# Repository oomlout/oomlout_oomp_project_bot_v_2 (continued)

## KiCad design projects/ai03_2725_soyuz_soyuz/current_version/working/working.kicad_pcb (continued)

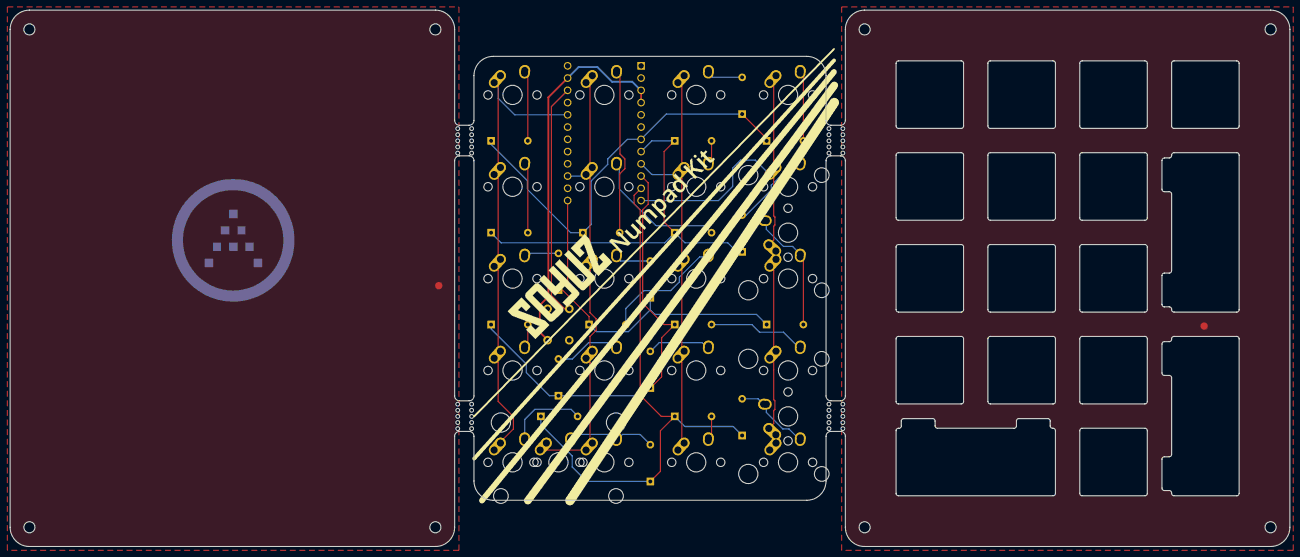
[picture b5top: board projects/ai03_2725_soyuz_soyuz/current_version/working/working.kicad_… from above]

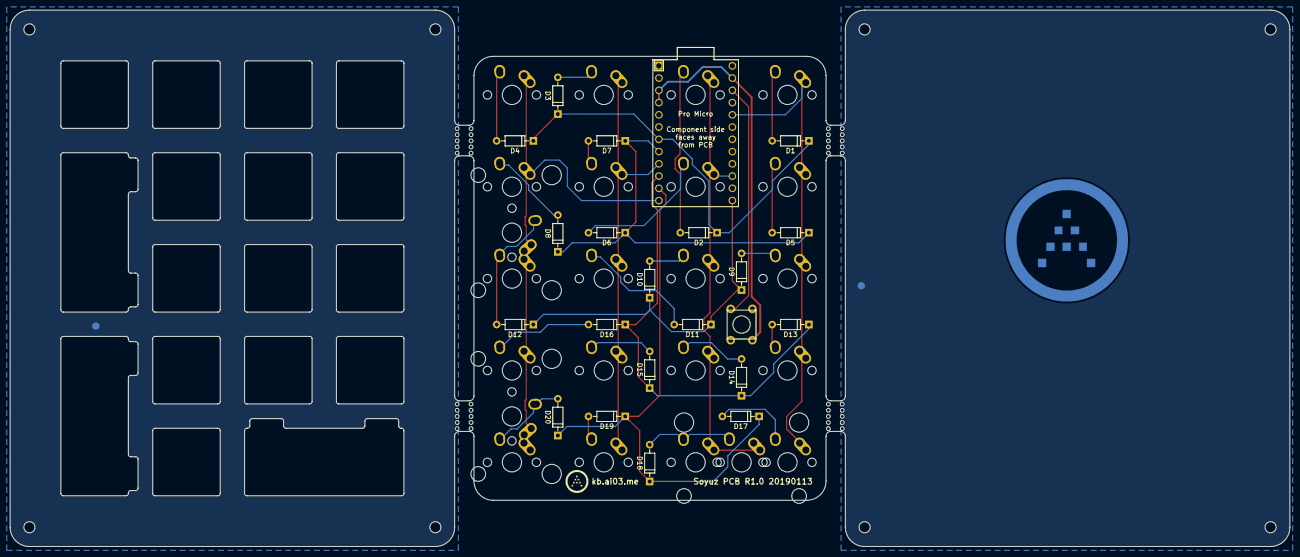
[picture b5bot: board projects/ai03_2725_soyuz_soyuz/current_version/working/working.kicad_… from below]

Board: 2 copper layers, 265.4 x 111.2 mm, 54 parts (22 on the bottom side), 31 nets.

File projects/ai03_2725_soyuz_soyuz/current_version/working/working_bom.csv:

"Id";"Designator";"Footprint";"Quantity";"Designation";"Supplier and ref";
1;"G***";"soyuz-logo-30mm";1;"LOGO";;;
2;"MX1,MX2,MX3,MX4,MX5,MX6,MX7,MX8,MX10,MX11,MX12,MX13,MX14,MX15,MX16,MX17,MX19,MX20,MX21,MX22";"MX-1U-NoLED";20;"MX-1U";;;
3;"MX9,MX18,MX23";"MX-2U-ReversedStabilizers-NoLED";3;"MX-2U";;;
4;"MOUSEBITE1,MOUSEBITE2,MOUSEBITE3,MOUSEBITE4,MOUSEBITE5,MOUSEBITE6,MOUSEBITE7,MOUSEBITE8";"breakaway-mousebites";8;"Mousebites";;;
5;"O1";"outline";1;"Outline";;;
6;"D1,D2,D3,D4,D5,D7,D8,D9,D10,D11,D12,D13,D14,D15,D16,D17,D18,D19,D20,D6";"D_DO-35_SOD27_P7.62mm_Horizontal";20;"1N4148";;;
7;"U1";"ProMicro-EnforcedTop";1;"ProMicro";;;
8;"G***";"ai-4.8-silk";1;"LOGO";;;
9;"G***";"ai-ring-25mm-mask";1;"LOGO";;;
10;"SW1";"PushButton_6x6mm_TH_Pretty";1;"SW_Push";;;
11;"G***";"soyuz-by-ai03";1;"LOGO";;;

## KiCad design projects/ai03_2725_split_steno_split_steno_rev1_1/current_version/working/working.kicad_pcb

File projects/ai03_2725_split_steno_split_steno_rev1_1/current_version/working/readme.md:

# split_steno
 
## summary 
* id: ai03_2725_split_steno_split_steno_rev1_1
* user: ai03_2725
* name: split_steno
* board: split_steno_rev1_1
* repo: https://github.com/ai03-2725/split_steno
* src_file_repo_kicad_pcb: rev1.1/split_steno_rev1.1.kicad_pcb
* src_file_repo_kicad_pcb_link: https://github.com/ai03-2725/split_steno/tree/master/rev1.1/split_steno_rev1.1.kicad_pcb

* src_file_repo_sch: rev1.1/split_steno_rev1.1.sch
* src_file_repo_sch_link: https://github.com/ai03-2725/split_steno/tree/master/rev1.1/split_steno_rev1.1.sch
* full details link: https://github.com/oomlout/oomlout_oomp_project_bot_v_2/tree/main/projects/ai03_2725_split_steno_split_steno_rev1_1/current_version/working  

## schematic  
  
[schematic (pdf)](working_schematic.pdf) 

## pcb  

[board (pdf)](working.pdf)  

## working_bom
| Id | Designator | Footprint | Quantity | Designation | Supplier and ref |  | None | 
| --- | --- | --- | --- | --- | --- | --- | --- | 
| 1 | REF**,REF**,REF**,REF** | MountingHole_3.2mm_M3_Pad | 4 |  |  |  | [''] | 
| 2 | REF** | TRRS-PJ-320A | 1 | TRRS-PJ-320A |  |  | [''] | 
| 3 | G***,G*** | airi_icon-7.6 | 2 | LOGO |  |  | [''] | 
| 4 | K1,K2,K3,K5,K6,K7,K8,K11,K12,K13,K18 | Hybrid_PCB_100H_Dual_hole | 11 | KEYSW |  |  | [''] | 
| 5 | K4,K9,K10,K14,K15,K16,K17 | Hybrid_PCB_100H_Dual_hole-flip | 7 | KEYSW |  |  | [''] | 
| 6 | K19,K20 | Hybrid_PCB_200H-dual-nosilk | 2 | KEYSW |  |  | [''] | 
| 7 | G*** | calvin | 1 | LOGO |  |  | [''] | 
| 8 | G***,G*** | watterson | 2 | LOGO |  |  | [''] | 
| 9 | C1 | CP_Radial_D5.0mm_P2.00mm | 1 | 100 |  |  | [''] | 
| 10 | D1,D2,D3,D4,D5,D6,D7,D8,D9,D10,D11,D12,D13,D14,D15,D16,D17,D18 | Diode-dual | 18 | D |  |  | [''] | 
| 11 | G*** | hobbes | 1 | LOGO |  |  | [''] | 
| 12 | J1 | TRRS-PJ-320A | 1 | i2c |  |  | [''] | 
| 13 | J2 | Pin_Header_Straight_1x04_Pitch2.54mm | 1 | serial |  |  | [''] | 
| 14 | J3 | Pin_Header_Straight_1x03_Pitch2.54mm | 1 | rgb |  |  | [''] | 
| 15 | J4 | Pin_Header_Straight_2x03_Pitch2.54mm | 1 | icsp |  |  | [''] | 
| 16 | J5 | Pin_Header_Straight_1x02_Pitch2.54mm | 1 | raw |  |  | [''] | 
| 17 | J6 | Pin_Header_Straight_1x01_Pitch2.54mm | 1 | extra |  |  | [''] | 
| 18 | R1,R2 | Resistor-Hybrid | 2 | 4.7k |  |  | [''] | 
| 19 | R3 | Resistor-Hybrid | 1 | 470 |  |  | [''] | 
| 20 | SW1 | SW_Tactile_SPST_Angled_MJTP1117 | 1 | reset |  |  | [''] | 
| 21 | U1 | ArduinoProMicro | 1 | ProMicro |  |  | [''] | 

## bom_schematic
| Ref | Qnty | Value | Cmp name | Footprint | Description | Vendor | DNP | 
| --- | --- | --- | --- | --- | --- | --- | --- | 
| C1 | 1 | 100 | C | lib_fp:CP_Radial_D5.0mm_P2.00mm |  |  |  | 
| D1, D2, D3, D4, D5, D6, D7, D8, D9, D10, D11, D12, D13, D14, D15, D16, D17, D18 | 18 | D | D | lib_fp:Diode-dual |  |  |  | 
| J1 | 1 | i2c | Audio-Jack-4 | lib_fp:TRRS-PJ-320A |  |  |  | 
| J2 | 1 | serial | Conn_01x04 | lib_fp:Pin_Header_Straight_1x04_Pitch2.54mm |  |  |  | 
| J3 | 1 | rgb | Conn_01x03 | lib_fp:Pin_Header_Straight_1x03_Pitch2.54mm |  |  |  | 
| J4 | 1 | icsp | Conn_02x03_Odd_Even | lib_fp:Pin_Header_Straight_2x03_Pitch2.54mm |  |  |  | 
| J5 | 1 | raw | Conn_01x02 | lib_fp:Pin_Header_Straight_1x02_Pitch2.54mm |  |  |  | 
| J6 | 1 | extra | Conn_01x01 | lib_fp:Pin_Header_Straight_1x01_Pitch2.54mm |  |  |  | 
| K1, K2, K3, K5, K6, K7, K8, K11, K12, K13, K18 | 11 | KEYSW | KEYSW | lib_fp:Hybrid_PCB_100H_Dual_hole |  |  |  | 
| K4, K9, K10, K14, K15, K16, K17 | 7 | KEYSW | KEYSW | lib_fp:Hybrid_PCB_100H_Dual_hole-flip |  |  |  | 
| K19, K20 | 2 | KEYSW | KEYSW | lib_fp:Hybrid_PCB_200H-dual-nosilk |  |  |  | 
| R1, R2 | 2 | 4.7k | R | lib_fp:Resistor-Hybrid |  |  |  | 
| R3 | 1 | 470 | R | lib_fp:Resistor-Hybrid |  |  |  | 
| SW1 | 1 | reset | SW_Push | lib_fp:SW_Tactile_SPST_Angled_MJTP1117 |  |  |  | 
| U1 | 1 | ProMicro | ProMicro | lib_fp:ArduinoProMicro |  |  |  | 

## mounting_holes
| x | y | package | value | ref | size | 
| --- | --- | --- | --- | --- | --- | 
| 0.0 | 55.0 | MountingHole_3.2mm_M3_Pad | nan | REF** | m3 | 
| 81.6 | 55.0 | MountingHole_3.2mm_M3_Pad | nan | REF** | m3 | 
| 10.8 | 0.0 | MountingHole_3.2mm_M3_Pad | nan | REF** | m3 | 
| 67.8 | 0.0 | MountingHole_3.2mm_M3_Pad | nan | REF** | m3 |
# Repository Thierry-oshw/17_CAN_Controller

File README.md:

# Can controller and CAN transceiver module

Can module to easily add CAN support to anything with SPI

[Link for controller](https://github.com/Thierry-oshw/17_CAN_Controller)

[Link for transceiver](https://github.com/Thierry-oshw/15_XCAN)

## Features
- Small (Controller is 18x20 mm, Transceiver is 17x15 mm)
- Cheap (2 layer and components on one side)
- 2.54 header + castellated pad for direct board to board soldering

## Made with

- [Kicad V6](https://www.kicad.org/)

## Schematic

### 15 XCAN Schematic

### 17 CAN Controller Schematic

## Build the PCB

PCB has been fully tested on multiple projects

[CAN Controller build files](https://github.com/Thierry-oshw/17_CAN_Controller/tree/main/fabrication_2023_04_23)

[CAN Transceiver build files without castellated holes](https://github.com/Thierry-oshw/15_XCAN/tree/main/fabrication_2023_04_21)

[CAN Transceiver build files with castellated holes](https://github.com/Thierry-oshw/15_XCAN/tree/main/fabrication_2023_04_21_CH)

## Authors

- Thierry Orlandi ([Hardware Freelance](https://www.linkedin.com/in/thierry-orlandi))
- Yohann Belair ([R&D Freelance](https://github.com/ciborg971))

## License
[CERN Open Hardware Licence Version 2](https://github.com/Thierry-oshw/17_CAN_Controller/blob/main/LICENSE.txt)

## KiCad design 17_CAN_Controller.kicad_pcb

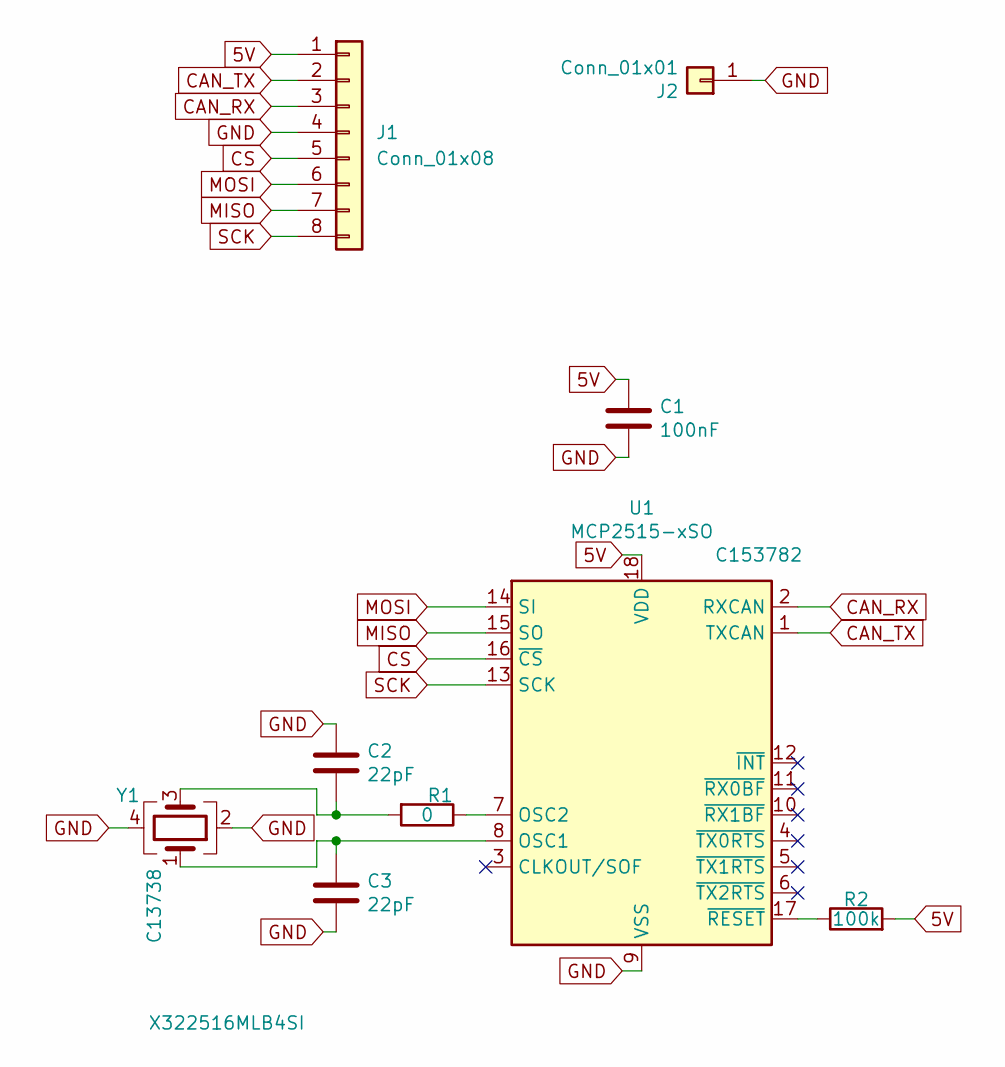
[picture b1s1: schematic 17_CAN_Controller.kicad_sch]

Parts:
C1: 100nF; C_0603_1608Metric; LCSC C14663
C2, C3: 22pF; C_0603_1608Metric; LCSC C1653
J1: Conn_01x08; PinHeader_1x08_P2.54mm_Vertical
J2: Conn_01x01; PinHeader_1x01_P2.54mm_Vertical
R1: 0; R_0603_1608Metric; LCSC C21189
R2: 100k; R_0603_1608Metric; LCSC C25803
U1: MCP2515-xSO; SOIC-18W_7.5x11.6mm_P1.27mm; LCSC C153782
Y1: X322516MLB4SI; Crystal_SMD_3225-4Pin_3.2x2.5mm; LCSC C13738

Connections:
5V: C1.1, J1.1, R2.2, U1.18 (VDD)
CAN_RX: J1.3, U1.2 (RXCAN)
CAN_TX: J1.2, U1.1 (TXCAN)
CS: J1.5, U1.16 (~CS)
GND: C1.2, C2.1, C3.2, J1.4, J2.1, U1.9 (VSS), Y1.2, Y1.4
MISO: J1.7, U1.15 (SO)
MOSI: J1.6, U1.14 (SI)
unnamed: C3.1, U1.8 (OSC1), Y1.1
unnamed: R1.1, U1.7 (OSC2)
unnamed: C2.2, R1.2, Y1.3
unnamed: R2.1, U1.17 (~RESET)
SCK: J1.8, U1.13 (SCK)

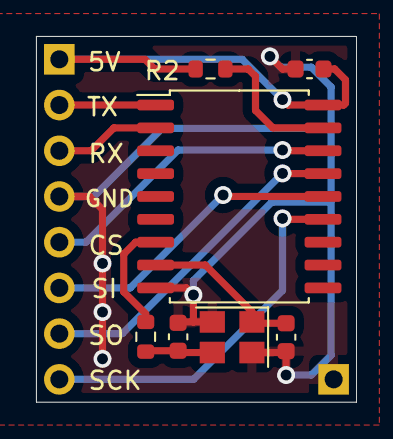
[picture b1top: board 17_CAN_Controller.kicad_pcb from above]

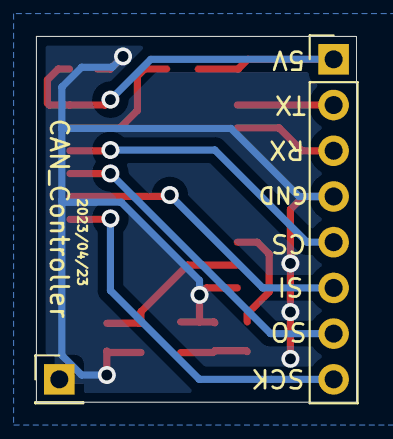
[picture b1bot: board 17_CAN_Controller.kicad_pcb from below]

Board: 2 copper layers, 17.8 x 20.3 mm, 9 parts (2 on the bottom side), 12 nets.

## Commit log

2021-06-01 schema + routage
2021-07-26 maj split librairies
2022-10-31 maj kicad 6
    + correction chemin
    + step
2022-11-03 maj réduction de taille
2022-11-03 connecteur passe de wrl à step
2022-11-06 gerbers maj kicad 6 jlcpcb
2022-11-06 maj kicad 6 jlcpcb
2022-11-07 zip pour voir position et bom
2023-04-23 maj librairies et silk
2023-05-02 chgt nom fichier licence
2023-05-28 maj readme

• THE TASK:
In the records above, the line with "R2: 100k; R_0603_1608Metric; LCSC C25803" marks the start and the line with "CS: J1.5, U1.16 (~CS)" marks the end; copy that stretch exactly, both lines included, and nothing else.

• RESPONSE BOX:
R2: 100k; R_0603_1608Metric; LCSC C25803
U1: MCP2515-xSO; SOIC-18W_7.5x11.6mm_P1.27mm; LCSC C153782
Y1: X322516MLB4SI; Crystal_SMD_3225-4Pin_3.2x2.5mm; LCSC C13738

Connections:
5V: C1.1, J1.1, R2.2, U1.18 (VDD)
CAN_RX: J1.3, U1.2 (RXCAN)
CAN_TX: J1.2, U1.1 (TXCAN)
CS: J1.5, U1.16 (~CS)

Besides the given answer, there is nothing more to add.